La seconde limite concerne les modules métiers spécialisés. Le module Rental peine sur la location d’hébergements, le CRM reste perçu comme moins fluide que les solutions dédiées, et certaines fonctionnalités sectorielles imposent des développements complémentaires. Pour ces métiers, des PA orientées comptabilité comme Pennylane ou des suites de gestion comme EBP sont parfois mieux ajustées au cas d’usage.

Avant l’obligation pour les grandes entreprises et ETI
jours
En résumé

Points forts d’Odoo PA : immatriculation officielle DGFiP depuis avril 2026, Peppol intégré sans surcoût, e-reporting natif, écosystème ERP complet pour les PME multi-fonctions.

Points faibles : licence Odoo nécessaire à 19,90 € par utilisateur minimum, V17 requise donc migrations imposées sur les anciens parcs, modules métiers spécialisés parfois moins aboutis que des concurrents verticaux.

Questions fréquentes

Odoo est-il définitivement immatriculé ou encore « sous réserve » ?

Odoo est passé en immatriculation définitive le 22 avril 2026, après avoir validé les tests d’interopérabilité avec le PPF et les autres PA en mars-avril. La phase « sous réserve » qui a précédé n’était pas une anomalie mais l’étape réglementaire normale prévue pour tous les candidats. La consultation de la liste officielle des PA sur le portail impots.gouv.fr permet de vérifier le statut à tout moment, ainsi que les évolutions éventuelles à venir.

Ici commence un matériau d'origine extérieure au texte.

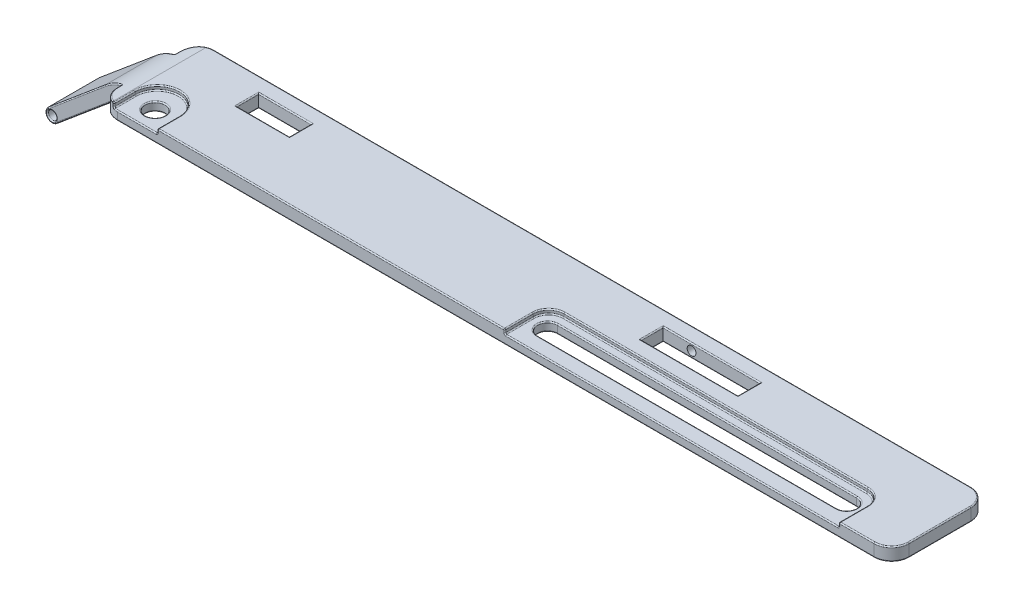
from build123d import *

# Parameters (mm, degrees)
BOSS_EXTRUDE1_DEPTH                        = 11
BOSS_EXTRUDE1_DEPTH_BACK                   = 11
SKETCH1_R                                  = 1
SKETCH2_W                                  = 30.149933191
SKETCH2_H                                  = 27.250901153
CUT_EXTRUDE1_DEPTH                         = 5
SKETCH3_W                                  = 71.820543682
SKETCH3_H                                  = 83.600632857
CUT_EXTRUDE2_DEPTH                         = 5
CUT_EXTRUDE3_REACH                         = 200.411
SKETCH4_W                                  = 22
SKETCH4_H                                  = 5
SKETCH4_W_2                                = 12
CUT_EXTRUDE4_DEPTH                         = 1
CUT_EXTRUDE5_REACH                         = 200.411
SKETCH6_R                                  = 2.25
FILLET1_R                                  = 4
FILLET2_R                                  = 0.25
F_1_16_0_07874016_DIAMETER_HOLE1_OUTLINE_W = 1.000000032
F_1_16_0_07874016_DIAMETER_HOLE1_OUTLINE_H = 3.5


# Read off the part's stored shape, not the designer's step: 1/16 (0.07874016) Diameter Hole1
with BuildPart() as part:
    # Sketch1 → Boss-Extrude1 (new, two sides: drawn at the far end of the back side and taken through both)
    with BuildSketch(Plane.XY.offset(-BOSS_EXTRUDE1_DEPTH_BACK)):
        with BuildLine():
            Line((-182.788173754, -2.339555569), (-195, -12.586494468))
            ThreePointArc((-195, -12.586494468), (-197.113248079, -12.401609218), (-196.928362829, -10.288361138))
            Line((-196.928362829, -10.288361138), (-183.880084457, 0.660444431))
            ThreePointArc((-183.880084457, 0.660444431), (-180.872409793, 2.396926208), (-177.45220836, 3))
            Line((-177.45220836, 3), (0, 3))
            Line((0, 3), (0, 0))
            Line((0, 0), (-176.360297657, 0))
            ThreePointArc((-176.360297657, 0), (-179.780499091, -0.603073792), (-182.788173754, -2.339555569))
        make_face()
        with Locations((-195.964181415, -11.437427803)):
            Circle(SKETCH1_R, mode=Mode.SUBTRACT)
    extrude(amount=BOSS_EXTRUDE1_DEPTH + BOSS_EXTRUDE1_DEPTH_BACK)

    # Sketch2 → Cut-Extrude1 (cut)
    with BuildSketch(Plane.XY.offset(11)):
        with Locations((-195.074966596, -3.959703737)):
            Rectangle(SKETCH2_W, SKETCH2_H)
    extrude(amount=-CUT_EXTRUDE1_DEPTH, mode=Mode.SUBTRACT)

    # Sketch3 → Cut-Extrude2 (cut)
    with BuildSketch(Plane(origin=(0, 0, -11), x_dir=(-1, 0, 0), z_dir=(0, 0, -1))):
        with Locations((215.910271841, -13.071084551)):
            Rectangle(SKETCH3_W, SKETCH3_H)
    extrude(amount=-CUT_EXTRUDE2_DEPTH, mode=Mode.SUBTRACT)

    # Sketch4 → Cut-Extrude3 (cut, up to next)
    with BuildSketch(Plane(origin=(0, 3, 0), x_dir=(1, 0, 0), z_dir=(0, 1, 0)), mode=Mode.PRIVATE) as cut_extrude3_sk1:
        with Locations((-59.45220836, 5)):
            Rectangle(SKETCH4_W, SKETCH4_H)
    cut_extrude3_tool1 = extrude(cut_extrude3_sk1.sketch, amount=-CUT_EXTRUDE3_REACH, mode=Mode.PRIVATE) & part.part
    # Sketch4 → Cut-Extrude3 (cut, up to next)
    with BuildSketch(Plane(origin=(0, 3, 0), x_dir=(1, 0, 0), z_dir=(0, 1, 0)), mode=Mode.PRIVATE) as cut_extrude3_sk2:
        with Locations((-156.45220836, 5)):
            Rectangle(SKETCH4_W_2, SKETCH4_H)
    cut_extrude3_tool2 = extrude(cut_extrude3_sk2.sketch, amount=-CUT_EXTRUDE3_REACH, mode=Mode.PRIVATE) & part.part
    add(cut_extrude3_tool1.solids().sort_by_distance((-59.452208, 3, -5))[0], mode=Mode.SUBTRACT)
    add(cut_extrude3_tool2.solids().sort_by_distance((-156.452208, 3, -5))[0], mode=Mode.SUBTRACT)

    # Sketch5 → Cut-Extrude4 (cut)
    with BuildSketch(Plane(origin=(0, 3, 0), x_dir=(1, 0, 0), z_dir=(0, 1, 0))):
        with BuildLine():
            Line((-84.5, -1), (-15.5, -1))
            ThreePointArc((-15.5, -1), (-13.025126266, -2.025126266), (-12, -4.5))
            Line((-12, -4.5), (-12, -11))
            Line((-12, -11), (-88, -11))
            Line((-88, -11), (-88, -4.5))
            ThreePointArc((-88, -4.5), (-86.974873734, -2.025126266), (-84.5, -1))
        make_face()
        with BuildLine():
            Line((-177, -6), (-177, -11))
            Line((-177, -11), (-167, -11))
            Line((-167, -11), (-167, -6))
            ThreePointArc((-167, -6), (-172, -1), (-177, -6))
        make_face()
    extrude(amount=-CUT_EXTRUDE4_DEPTH, mode=Mode.SUBTRACT)

    # Sketch6 → Cut-Extrude5 (cut, up to next)
    with BuildSketch(Plane(origin=(0, 3, 0), x_dir=(1, 0, 0), z_dir=(0, 1, 0)), mode=Mode.PRIVATE) as cut_extrude5_sk1:
        with Locations(Location((-172, -6.5, 0), (0, 0, 90))):
            Circle(SKETCH6_R)
    cut_extrude5_tool1 = extrude(cut_extrude5_sk1.sketch, amount=-CUT_EXTRUDE5_REACH, mode=Mode.PRIVATE) & part.part
    # Sketch6 → Cut-Extrude5 (cut, up to next)
    with BuildSketch(Plane(origin=(0, 3, 0), x_dir=(1, 0, 0), z_dir=(0, 1, 0)), mode=Mode.PRIVATE) as cut_extrude5_sk2:
        with BuildLine():
            Line((-84, -3), (-16, -3))
            ThreePointArc((-16, -3), (-13.75, -5.25), (-16, -7.5))
            Line((-16, -7.5), (-84, -7.5))
            ThreePointArc((-84, -7.5), (-86.25, -5.25), (-84, -3))
        make_face()
    cut_extrude5_tool2 = extrude(cut_extrude5_sk2.sketch, amount=-CUT_EXTRUDE5_REACH, mode=Mode.PRIVATE) & part.part
    add(cut_extrude5_tool1.solids().sort_by_distance((-172, 3, 6.5))[0], mode=Mode.SUBTRACT)
    add(cut_extrude5_tool2.solids().sort_by_distance((-50, 3, 5.25))[0], mode=Mode.SUBTRACT)

    # Fillet1
    fillet1_edges = [part.edges().sort_by_distance(p)[0] for p in [
        (-180, 0.992049223, 11),
        (-180, 0.992049223, -11),
        (0, 1.5, 11),
        (0, 1.5, -11),
    ]]
    fillet(fillet1_edges, radius=FILLET1_R)

    # Fillet2
    fillet2_edges = [part.edges().sort_by_distance(p)[0] for p in [
        (-70.45220836, 0, -5),
        (-59.45220836, 0, -7.5),
        (-48.45220836, 0, -5),
        (-59.45220836, 0, -2.5),
        (-70.45220836, 3, -5),
        (-59.45220836, 3, -2.5),
        (-48.45220836, 3, -5),
        (-59.45220836, 3, -7.5),
        (-162.45220836, 0, -5),
        (-156.45220836, 0, -7.5),
        (-150.45220836, 0, -5),
        (-156.45220836, 0, -2.5),
        (-162.45220836, 3, -5),
        (-156.45220836, 3, -2.5),
        (-150.45220836, 3, -5),
        (-156.45220836, 3, -7.5),
        (-127.5, 3, 11),
        (-86.974873734, 2, 2.025126266),
        (-50, 2, 1),
        (-13.025126266, 2, 2.025126266),
        (-12, 2, 7.75),
        (-50, 2, 11),
        (-12, 2.5, 11),
        (-88, 2, 7.75),
        (-88, 2.5, 11),
        (-86.974873734, 3, 2.025126266),
        (-88, 3, 7.75),
        (-12, 3, 7.75),
        (-13.025126266, 3, 2.025126266),
        (-50, 3, 1),
        (-172, 2, 1),
        (-167, 2, 8.5),
        (-167, 2.5, 11),
        (-177, 2, 8.436491673),
        (-172, 3, 1),
        (-177, 3, 8.436491673),
        (-167, 3, 8.5),
        (-86.25, 0, 5.25),
        (-86.25, 2, 5.25),
        (-50, 0, 3),
        (-50, 2, 3),
        (-13.75, 0, 5.25),
        (-13.75, 2, 5.25),
        (-50, 0, 7.5),
        (-50, 2, 7.5),
        (-172, 2, 8.75),
        (-172, 0, 8.75),
        (-180, 2.669992645, 6.5),
        (-179.394637624, 2.809534579, -9.115758844),
        (-179.39451804, 2.809558256, 9.115950694),
        (-8, 3, 11),
        (0, 3, 0),
        (-90, 3, -11),
        (-1.171572875, 3, -9.828427125),
        (-1.171572875, 3, 9.828427125),
        (-176.738816109, 3, -10.931176765),
        (-177.228272667, 3, 10.806750091),
        (-177, 2.5, 10.872983346),
        (-171.5, 2, 11),
        (-176.50401717, 2, 10.968118785),
        (-90, 0, 11),
        (0, 0, 0),
        (-90, 0, -11),
        (-1.171572875, 0, -9.828427125),
        (-1.171572875, 0, 9.828427125),
        (-176.180332183, 0, -10.99593297),
        (-176.180332183, 0, 10.99593297),
        (-180, -0.6858942, -6.5),
        (-179.130203098, -0.391273546, -9.490347117),
        (-179.130203144, -0.391273559, 9.490347059),
        (-181.461540926, -1.39899325, 6),
        (-188.894086877, -7.463025018, 6),
        (-197.113248079, -12.401609218, 6),
        (-190.404223643, -4.813958354, 6),
        (-182.051145611, 1.879739645, 6),
        (-180, -0.6858942, 6.5),
        (-180, 0.992049223, 6),
        (-196.964181415, -11.437427803, 6),
        (-182.051145611, 1.879739645, -6),
        (-188.894086877, -7.463025018, -6),
        (-181.461540926, -1.39899325, -6),
        (-190.404223643, -4.813958354, -6),
        (-197.113248079, -12.401609218, -6),
        (-180, 2.669992645, -6.5),
        (-180, 0.992049223, -6),
        (-196.964181415, -11.437427803, -6),
    ]]
    fillet(fillet2_edges, radius=FILLET2_R - 0.0001)  # a hair under: the kernel refuses the full size

    # 1/16 (0.07874016) Diameter Hole1 outline → 1/16 (0.07874016) Diameter Hole1 (revolve, cut)
    with BuildSketch(Plane(origin=(-64, 1.5, 0), x_dir=(1, 0, 0), z_dir=(0, -1, 0))):
        Polygon((1.000000032, 0.399139362), (0, 1), (0, -2.5), (1.000000032, -2.5), align=None)
        with Locations((0.500000016, -9.25)):
            Rectangle(F_1_16_0_07874016_DIAMETER_HOLE1_OUTLINE_W, F_1_16_0_07874016_DIAMETER_HOLE1_OUTLINE_H)
    revolve(axis=Axis((-64, 1.5, 0), (0, 0, 1)), mode=Mode.SUBTRACT)


solid = part.part

Faut-il migrer vers Odoo 19 avant septembre 2026 ?

La V17 suffit techniquement pour utiliser Odoo en PA directe. Les versions 18 et 19 offrent toutefois plus de stabilité, des connecteurs Peppol mieux éprouvés, et bénéficieront en priorité des correctifs liés aux retours de production des premiers mois. Pour une migration depuis une version inférieure à V16, le timing est serré : il faut compter trois à six mois selon la complexité, formation et tests inclus, en partant de mai 2026.

Comment recevoir une facture envoyée par une autre PA dans Odoo ?

Une fois l’inscription Peppol activée, Odoo vérifie plusieurs fois par jour les nouveaux documents entrants. Les factures fournisseurs reçues sont automatiquement importées dans le journal d’achats configuré, en brouillon par défaut. Pour déclencher manuellement une récupération, le tableau de bord Comptabilité propose une action « Récupérer depuis Peppol » sur le journal concerné. Le rapprochement avec les bons de commande existants se fait ensuite via les outils habituels d’Odoo.

Odoo facture-t-il à l’unité comme certaines PA concurrentes ?

Non. Aucun frais à la facture émise ou reçue n’est appliqué côté PA. Le volume est illimité, ce qui distingue Odoo de PA spécialisées qui appliquent des tarifs entre 0,10 et 1,50 euro par document. Le seul coût reste celui de l’abonnement Odoo, indépendant du nombre de factures traitées. Cette structure tarifaire devient particulièrement avantageuse au-delà de quelques milliers de documents annuels, où les modèles à l’unité commencent à peser lourd.

Que faire si on veut changer de PA après avoir choisi Odoo ?

Le changement reste possible mais demande une procédure ordonnée. L’entreprise doit d’abord se désinscrire d’Odoo dans la section Peppol des paramètres, puis s’enregistrer auprès du nouvel access point. Une clé de migration est fournie par l’ancien fournisseur pour assurer la continuité des flux. La règle d’unicité impose qu’un seul point d’accès Peppol soit actif à la fois pour un identifiant donné, ce qui évite les doublons mais demande de ne pas précipiter la transition.